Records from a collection
-- -- --
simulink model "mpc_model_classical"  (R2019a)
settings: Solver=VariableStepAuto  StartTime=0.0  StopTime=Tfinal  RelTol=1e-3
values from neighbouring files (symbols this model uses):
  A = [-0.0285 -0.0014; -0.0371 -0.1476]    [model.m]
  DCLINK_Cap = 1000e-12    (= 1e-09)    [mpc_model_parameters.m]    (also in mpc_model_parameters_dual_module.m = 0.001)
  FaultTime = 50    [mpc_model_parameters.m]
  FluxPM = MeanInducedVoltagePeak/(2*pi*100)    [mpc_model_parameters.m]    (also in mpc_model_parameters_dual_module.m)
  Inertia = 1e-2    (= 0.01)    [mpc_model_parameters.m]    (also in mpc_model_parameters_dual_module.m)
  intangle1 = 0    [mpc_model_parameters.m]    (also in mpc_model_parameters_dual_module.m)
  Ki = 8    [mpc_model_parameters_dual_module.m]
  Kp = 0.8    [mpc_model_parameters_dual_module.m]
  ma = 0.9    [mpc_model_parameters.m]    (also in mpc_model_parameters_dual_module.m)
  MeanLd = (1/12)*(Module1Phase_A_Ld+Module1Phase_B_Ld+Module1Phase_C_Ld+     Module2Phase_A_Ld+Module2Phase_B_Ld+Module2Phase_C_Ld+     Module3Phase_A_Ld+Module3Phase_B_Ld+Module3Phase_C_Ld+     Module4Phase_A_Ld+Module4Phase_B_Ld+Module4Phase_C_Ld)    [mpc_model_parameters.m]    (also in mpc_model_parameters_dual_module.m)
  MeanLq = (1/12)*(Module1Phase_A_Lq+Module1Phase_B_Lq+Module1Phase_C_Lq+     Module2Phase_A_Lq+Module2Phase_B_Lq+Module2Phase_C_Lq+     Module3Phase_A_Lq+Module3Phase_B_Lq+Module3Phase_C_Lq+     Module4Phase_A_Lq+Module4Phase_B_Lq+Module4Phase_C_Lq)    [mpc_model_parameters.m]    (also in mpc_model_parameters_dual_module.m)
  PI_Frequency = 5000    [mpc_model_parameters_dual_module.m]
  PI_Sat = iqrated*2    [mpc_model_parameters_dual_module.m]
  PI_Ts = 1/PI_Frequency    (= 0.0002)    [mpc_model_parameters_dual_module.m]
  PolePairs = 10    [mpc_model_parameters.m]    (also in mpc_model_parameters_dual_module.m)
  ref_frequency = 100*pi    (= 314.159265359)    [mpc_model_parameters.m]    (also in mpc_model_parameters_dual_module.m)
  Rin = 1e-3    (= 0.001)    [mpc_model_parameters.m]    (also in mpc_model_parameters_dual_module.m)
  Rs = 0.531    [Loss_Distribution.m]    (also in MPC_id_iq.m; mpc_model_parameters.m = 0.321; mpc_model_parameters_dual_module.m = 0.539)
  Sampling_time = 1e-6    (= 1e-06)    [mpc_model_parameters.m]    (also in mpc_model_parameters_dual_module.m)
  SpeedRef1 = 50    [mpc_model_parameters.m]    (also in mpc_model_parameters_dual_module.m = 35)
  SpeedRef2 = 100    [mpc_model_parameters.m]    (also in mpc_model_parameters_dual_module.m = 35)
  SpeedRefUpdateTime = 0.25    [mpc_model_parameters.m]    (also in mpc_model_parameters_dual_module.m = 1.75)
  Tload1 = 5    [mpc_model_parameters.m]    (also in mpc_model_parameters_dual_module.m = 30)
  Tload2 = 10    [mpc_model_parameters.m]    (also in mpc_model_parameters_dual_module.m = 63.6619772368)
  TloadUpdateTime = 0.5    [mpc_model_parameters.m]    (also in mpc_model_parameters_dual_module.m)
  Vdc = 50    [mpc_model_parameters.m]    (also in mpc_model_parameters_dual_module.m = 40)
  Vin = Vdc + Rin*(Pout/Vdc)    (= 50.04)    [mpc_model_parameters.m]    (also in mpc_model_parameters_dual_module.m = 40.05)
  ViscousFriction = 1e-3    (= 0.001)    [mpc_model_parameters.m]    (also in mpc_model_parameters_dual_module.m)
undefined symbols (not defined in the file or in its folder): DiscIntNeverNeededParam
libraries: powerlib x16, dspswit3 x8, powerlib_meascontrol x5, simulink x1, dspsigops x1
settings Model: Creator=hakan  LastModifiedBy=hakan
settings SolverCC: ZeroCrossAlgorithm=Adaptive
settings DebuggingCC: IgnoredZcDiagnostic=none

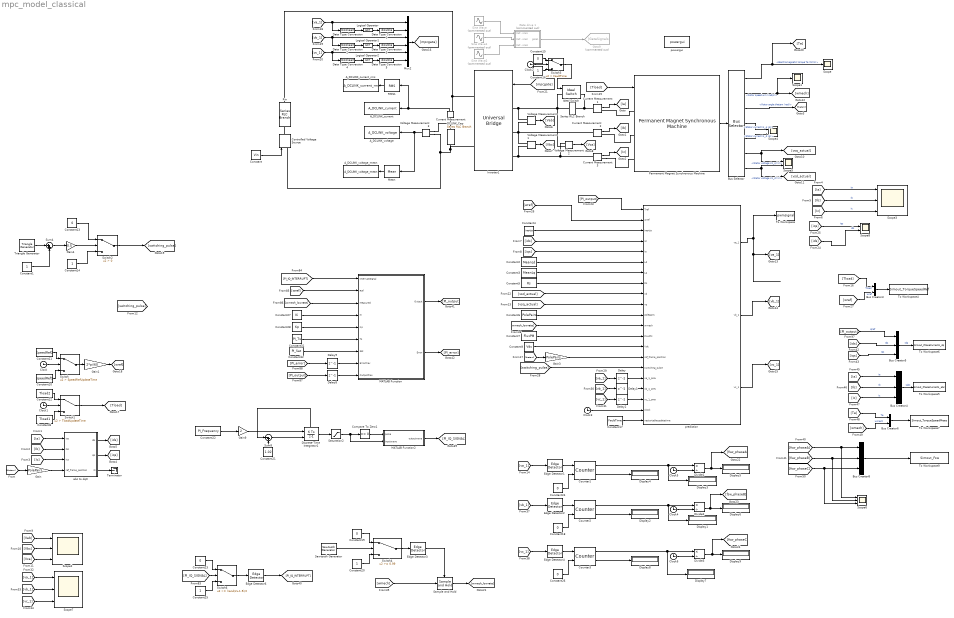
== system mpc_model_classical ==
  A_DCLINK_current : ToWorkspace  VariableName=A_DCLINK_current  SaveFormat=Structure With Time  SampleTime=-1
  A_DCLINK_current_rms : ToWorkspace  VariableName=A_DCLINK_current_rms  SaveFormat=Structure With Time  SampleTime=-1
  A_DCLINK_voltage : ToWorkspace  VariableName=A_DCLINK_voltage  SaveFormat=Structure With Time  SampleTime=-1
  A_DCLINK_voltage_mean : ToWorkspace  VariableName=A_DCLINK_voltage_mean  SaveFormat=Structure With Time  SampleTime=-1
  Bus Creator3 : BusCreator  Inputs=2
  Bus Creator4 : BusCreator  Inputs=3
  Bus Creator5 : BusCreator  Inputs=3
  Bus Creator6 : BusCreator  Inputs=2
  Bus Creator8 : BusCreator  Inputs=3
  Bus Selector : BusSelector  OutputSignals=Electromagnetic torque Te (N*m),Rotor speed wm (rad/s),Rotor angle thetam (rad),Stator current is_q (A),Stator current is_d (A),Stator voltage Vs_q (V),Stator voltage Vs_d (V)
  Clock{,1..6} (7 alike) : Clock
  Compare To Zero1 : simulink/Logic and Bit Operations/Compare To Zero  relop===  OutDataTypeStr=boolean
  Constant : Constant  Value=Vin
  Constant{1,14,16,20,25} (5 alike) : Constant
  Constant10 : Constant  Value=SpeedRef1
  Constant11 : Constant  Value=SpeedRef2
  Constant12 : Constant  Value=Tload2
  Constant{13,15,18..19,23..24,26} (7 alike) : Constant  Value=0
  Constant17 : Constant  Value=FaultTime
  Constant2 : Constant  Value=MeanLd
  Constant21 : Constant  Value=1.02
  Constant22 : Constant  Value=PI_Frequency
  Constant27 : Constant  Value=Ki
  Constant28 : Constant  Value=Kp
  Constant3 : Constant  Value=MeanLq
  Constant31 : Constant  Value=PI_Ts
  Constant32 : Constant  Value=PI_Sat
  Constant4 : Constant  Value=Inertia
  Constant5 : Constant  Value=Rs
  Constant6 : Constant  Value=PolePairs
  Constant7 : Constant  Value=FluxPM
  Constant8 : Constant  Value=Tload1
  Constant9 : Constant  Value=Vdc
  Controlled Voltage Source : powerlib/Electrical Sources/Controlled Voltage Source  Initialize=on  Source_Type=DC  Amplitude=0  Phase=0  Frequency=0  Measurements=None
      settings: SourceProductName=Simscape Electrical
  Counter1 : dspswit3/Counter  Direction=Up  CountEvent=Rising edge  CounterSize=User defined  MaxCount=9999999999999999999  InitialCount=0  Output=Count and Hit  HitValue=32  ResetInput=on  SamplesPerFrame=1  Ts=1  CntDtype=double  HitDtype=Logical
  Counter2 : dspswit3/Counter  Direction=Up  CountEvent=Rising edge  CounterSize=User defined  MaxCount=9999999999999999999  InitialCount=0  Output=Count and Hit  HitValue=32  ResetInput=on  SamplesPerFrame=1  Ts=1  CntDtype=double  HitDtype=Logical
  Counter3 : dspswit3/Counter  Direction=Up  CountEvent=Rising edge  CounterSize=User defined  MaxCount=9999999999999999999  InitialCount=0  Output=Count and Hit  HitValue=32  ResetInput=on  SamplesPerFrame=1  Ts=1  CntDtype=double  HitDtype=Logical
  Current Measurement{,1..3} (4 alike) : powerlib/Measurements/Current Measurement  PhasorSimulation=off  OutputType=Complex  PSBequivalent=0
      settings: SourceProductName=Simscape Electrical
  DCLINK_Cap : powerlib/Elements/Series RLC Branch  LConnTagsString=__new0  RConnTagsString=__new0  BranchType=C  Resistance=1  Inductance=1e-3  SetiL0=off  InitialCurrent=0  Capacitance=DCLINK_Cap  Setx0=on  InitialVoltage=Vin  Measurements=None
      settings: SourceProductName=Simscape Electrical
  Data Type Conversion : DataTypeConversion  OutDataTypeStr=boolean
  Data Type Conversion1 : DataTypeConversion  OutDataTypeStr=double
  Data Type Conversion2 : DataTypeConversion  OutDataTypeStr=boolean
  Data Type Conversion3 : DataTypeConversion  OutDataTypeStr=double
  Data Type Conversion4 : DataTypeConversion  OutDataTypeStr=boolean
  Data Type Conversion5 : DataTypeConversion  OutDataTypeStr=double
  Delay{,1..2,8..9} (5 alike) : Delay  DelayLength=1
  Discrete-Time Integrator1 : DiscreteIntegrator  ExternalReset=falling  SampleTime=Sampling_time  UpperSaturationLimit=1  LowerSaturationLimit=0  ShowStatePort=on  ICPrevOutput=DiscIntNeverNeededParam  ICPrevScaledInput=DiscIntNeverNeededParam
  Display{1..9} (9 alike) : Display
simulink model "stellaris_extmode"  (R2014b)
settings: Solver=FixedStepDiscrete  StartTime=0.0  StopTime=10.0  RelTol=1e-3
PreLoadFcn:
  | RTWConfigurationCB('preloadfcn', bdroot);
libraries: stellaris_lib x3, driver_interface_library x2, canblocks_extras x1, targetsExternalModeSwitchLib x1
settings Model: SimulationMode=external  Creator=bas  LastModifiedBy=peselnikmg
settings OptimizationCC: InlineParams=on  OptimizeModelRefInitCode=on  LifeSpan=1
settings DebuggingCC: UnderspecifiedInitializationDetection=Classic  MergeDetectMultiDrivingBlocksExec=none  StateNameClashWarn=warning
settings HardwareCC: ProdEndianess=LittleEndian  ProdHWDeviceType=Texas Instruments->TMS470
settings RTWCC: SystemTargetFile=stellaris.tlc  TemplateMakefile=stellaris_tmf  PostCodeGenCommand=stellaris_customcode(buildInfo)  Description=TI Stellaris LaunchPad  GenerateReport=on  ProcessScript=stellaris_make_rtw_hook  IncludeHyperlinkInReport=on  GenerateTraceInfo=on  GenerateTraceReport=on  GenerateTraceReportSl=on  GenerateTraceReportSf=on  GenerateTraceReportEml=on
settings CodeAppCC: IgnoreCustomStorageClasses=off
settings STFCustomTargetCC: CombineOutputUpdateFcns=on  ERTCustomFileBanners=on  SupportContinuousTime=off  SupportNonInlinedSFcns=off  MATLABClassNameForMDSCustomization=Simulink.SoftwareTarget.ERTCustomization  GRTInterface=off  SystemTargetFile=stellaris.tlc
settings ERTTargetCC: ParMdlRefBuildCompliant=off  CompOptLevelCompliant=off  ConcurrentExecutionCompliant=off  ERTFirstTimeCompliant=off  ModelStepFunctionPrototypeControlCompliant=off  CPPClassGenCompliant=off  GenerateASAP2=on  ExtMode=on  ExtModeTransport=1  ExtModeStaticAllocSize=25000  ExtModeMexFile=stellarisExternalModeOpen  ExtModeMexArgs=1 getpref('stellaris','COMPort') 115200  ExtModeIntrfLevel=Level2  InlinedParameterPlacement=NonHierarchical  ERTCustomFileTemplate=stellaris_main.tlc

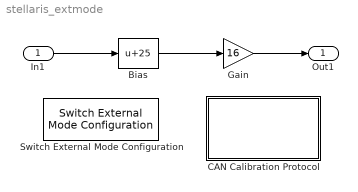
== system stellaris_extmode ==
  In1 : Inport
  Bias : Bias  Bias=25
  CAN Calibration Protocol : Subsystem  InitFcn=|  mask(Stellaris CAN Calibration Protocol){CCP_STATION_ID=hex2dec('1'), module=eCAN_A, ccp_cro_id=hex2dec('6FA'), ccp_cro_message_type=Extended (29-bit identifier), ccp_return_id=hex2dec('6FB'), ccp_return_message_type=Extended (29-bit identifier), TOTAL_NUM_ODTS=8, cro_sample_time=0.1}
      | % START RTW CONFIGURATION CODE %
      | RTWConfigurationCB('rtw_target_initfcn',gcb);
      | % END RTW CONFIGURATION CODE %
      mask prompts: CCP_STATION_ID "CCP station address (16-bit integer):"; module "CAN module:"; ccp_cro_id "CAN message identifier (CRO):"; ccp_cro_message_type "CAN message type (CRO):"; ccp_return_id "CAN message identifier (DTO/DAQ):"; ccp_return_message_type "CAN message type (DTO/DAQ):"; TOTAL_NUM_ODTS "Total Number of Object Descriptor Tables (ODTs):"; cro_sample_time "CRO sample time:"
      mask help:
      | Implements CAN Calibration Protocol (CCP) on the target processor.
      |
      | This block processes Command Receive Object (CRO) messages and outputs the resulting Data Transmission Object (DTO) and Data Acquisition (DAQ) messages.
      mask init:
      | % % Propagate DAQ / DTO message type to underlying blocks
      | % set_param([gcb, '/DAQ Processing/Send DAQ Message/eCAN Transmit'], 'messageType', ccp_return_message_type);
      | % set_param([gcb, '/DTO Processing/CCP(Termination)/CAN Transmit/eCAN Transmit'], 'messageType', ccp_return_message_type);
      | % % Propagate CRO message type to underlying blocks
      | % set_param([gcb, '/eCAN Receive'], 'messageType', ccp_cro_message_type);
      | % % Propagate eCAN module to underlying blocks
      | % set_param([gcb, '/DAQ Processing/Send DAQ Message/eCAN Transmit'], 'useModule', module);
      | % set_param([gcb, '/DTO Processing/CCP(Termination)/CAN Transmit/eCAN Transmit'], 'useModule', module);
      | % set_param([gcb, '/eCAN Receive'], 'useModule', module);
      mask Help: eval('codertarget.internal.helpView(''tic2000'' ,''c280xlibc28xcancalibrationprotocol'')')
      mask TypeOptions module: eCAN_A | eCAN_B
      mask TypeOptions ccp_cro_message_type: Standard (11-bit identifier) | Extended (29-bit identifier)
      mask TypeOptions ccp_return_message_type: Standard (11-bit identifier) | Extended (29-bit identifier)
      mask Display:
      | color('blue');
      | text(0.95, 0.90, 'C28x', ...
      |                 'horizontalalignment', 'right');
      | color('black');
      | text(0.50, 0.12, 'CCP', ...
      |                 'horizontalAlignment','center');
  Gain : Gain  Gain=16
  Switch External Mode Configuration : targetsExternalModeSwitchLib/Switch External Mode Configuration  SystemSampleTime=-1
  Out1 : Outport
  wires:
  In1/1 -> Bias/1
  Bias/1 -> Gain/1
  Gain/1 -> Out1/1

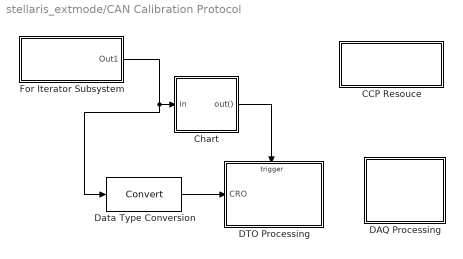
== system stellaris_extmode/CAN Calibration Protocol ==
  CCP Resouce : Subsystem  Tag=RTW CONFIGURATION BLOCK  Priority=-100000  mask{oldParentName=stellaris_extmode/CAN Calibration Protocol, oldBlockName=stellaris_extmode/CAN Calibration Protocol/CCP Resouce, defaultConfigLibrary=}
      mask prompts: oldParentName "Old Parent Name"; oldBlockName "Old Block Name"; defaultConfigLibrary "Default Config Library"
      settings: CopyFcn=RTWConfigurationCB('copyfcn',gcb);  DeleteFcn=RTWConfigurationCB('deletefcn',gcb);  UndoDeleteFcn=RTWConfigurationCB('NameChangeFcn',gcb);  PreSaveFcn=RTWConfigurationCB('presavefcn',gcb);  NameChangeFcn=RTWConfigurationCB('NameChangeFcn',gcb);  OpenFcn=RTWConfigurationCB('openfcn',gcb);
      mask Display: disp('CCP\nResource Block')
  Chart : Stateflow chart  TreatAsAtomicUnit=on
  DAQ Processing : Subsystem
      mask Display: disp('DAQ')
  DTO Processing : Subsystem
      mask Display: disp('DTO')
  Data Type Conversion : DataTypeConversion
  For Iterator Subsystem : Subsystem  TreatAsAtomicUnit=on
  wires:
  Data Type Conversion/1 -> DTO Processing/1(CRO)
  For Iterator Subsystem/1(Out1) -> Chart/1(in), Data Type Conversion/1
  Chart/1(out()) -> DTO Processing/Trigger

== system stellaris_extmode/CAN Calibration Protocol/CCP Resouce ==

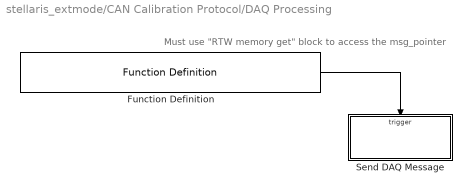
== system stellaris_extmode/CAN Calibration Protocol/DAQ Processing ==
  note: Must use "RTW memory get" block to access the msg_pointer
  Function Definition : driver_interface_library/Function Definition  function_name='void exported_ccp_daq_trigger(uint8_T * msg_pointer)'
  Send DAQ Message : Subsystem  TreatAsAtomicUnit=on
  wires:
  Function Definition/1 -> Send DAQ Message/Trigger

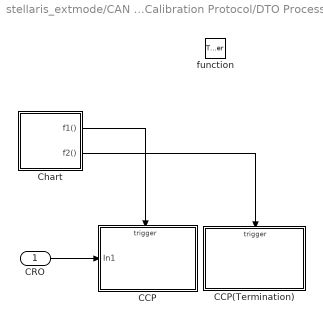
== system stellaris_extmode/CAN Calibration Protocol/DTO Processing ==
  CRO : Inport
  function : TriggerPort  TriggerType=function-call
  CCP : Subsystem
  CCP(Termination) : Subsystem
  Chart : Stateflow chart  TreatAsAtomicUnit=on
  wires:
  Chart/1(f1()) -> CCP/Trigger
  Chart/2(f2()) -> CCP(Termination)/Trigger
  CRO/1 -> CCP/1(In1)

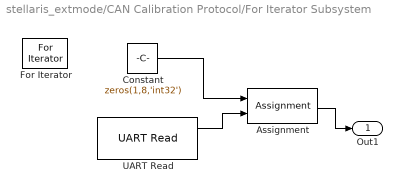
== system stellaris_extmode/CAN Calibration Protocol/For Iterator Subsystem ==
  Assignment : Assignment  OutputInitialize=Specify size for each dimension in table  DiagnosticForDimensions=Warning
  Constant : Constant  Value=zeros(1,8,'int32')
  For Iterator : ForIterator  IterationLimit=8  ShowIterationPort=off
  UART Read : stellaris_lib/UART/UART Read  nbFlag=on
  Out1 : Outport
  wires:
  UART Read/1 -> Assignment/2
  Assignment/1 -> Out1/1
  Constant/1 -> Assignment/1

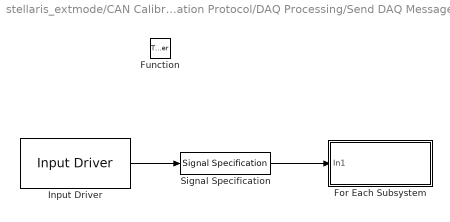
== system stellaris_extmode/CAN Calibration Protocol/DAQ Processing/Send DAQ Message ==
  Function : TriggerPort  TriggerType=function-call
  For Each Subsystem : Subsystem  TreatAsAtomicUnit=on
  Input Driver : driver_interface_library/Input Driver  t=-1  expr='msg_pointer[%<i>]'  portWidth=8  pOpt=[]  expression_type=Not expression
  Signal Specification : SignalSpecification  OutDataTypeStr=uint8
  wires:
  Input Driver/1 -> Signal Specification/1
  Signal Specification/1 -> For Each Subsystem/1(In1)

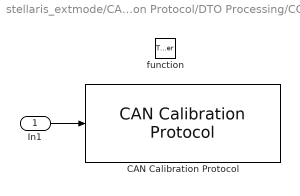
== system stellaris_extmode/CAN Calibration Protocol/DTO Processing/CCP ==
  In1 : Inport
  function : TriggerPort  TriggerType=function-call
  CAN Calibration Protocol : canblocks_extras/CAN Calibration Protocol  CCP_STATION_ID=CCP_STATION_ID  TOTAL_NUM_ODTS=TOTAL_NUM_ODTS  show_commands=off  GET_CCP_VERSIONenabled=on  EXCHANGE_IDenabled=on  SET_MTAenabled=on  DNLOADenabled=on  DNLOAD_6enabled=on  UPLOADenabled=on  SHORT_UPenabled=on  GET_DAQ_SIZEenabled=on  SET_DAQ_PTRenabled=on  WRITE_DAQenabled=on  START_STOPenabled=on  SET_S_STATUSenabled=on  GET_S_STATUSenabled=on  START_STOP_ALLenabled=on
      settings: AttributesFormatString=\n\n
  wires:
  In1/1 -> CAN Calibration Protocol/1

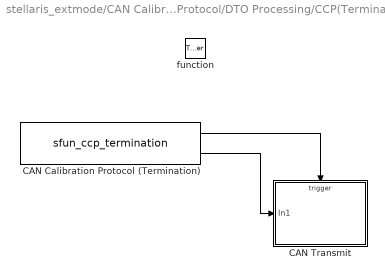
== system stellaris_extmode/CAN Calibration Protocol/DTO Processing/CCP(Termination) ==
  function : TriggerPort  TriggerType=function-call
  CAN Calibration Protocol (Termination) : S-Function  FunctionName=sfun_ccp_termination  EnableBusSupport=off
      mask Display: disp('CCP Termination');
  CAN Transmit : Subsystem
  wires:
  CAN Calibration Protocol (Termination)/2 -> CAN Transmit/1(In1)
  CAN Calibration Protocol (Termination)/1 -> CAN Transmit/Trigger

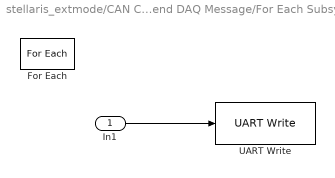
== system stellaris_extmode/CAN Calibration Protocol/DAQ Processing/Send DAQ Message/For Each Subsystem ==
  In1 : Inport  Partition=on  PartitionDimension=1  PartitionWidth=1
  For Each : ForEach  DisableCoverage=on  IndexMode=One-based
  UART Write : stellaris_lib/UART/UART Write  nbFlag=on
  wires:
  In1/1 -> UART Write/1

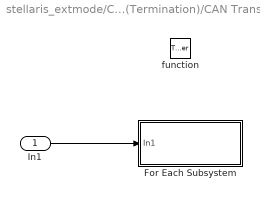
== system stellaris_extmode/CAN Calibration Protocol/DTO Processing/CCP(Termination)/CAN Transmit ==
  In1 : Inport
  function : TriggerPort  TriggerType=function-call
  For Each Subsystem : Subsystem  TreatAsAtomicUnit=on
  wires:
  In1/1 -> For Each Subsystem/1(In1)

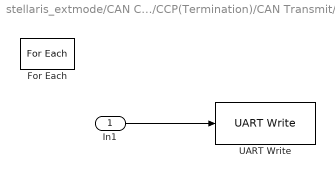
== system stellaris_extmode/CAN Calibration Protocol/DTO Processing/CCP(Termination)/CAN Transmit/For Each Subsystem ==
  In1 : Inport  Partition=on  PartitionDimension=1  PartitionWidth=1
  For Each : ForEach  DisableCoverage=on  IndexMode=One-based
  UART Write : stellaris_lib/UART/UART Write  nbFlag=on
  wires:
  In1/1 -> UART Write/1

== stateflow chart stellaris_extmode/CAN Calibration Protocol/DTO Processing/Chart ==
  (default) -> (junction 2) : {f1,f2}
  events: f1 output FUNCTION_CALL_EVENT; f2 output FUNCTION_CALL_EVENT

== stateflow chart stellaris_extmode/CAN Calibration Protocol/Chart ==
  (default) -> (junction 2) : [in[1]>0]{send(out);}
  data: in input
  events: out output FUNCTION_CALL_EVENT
-- -- --
In the records above, some lines may contain the word "Display"; copy every one of them.

  Display{1..9} (9 alike) : Display
      mask Display:
      mask Display: disp('CCP\nResource Block')
      mask Display: disp('DAQ')
      mask Display: disp('DTO')
      mask Display: disp('CCP Termination');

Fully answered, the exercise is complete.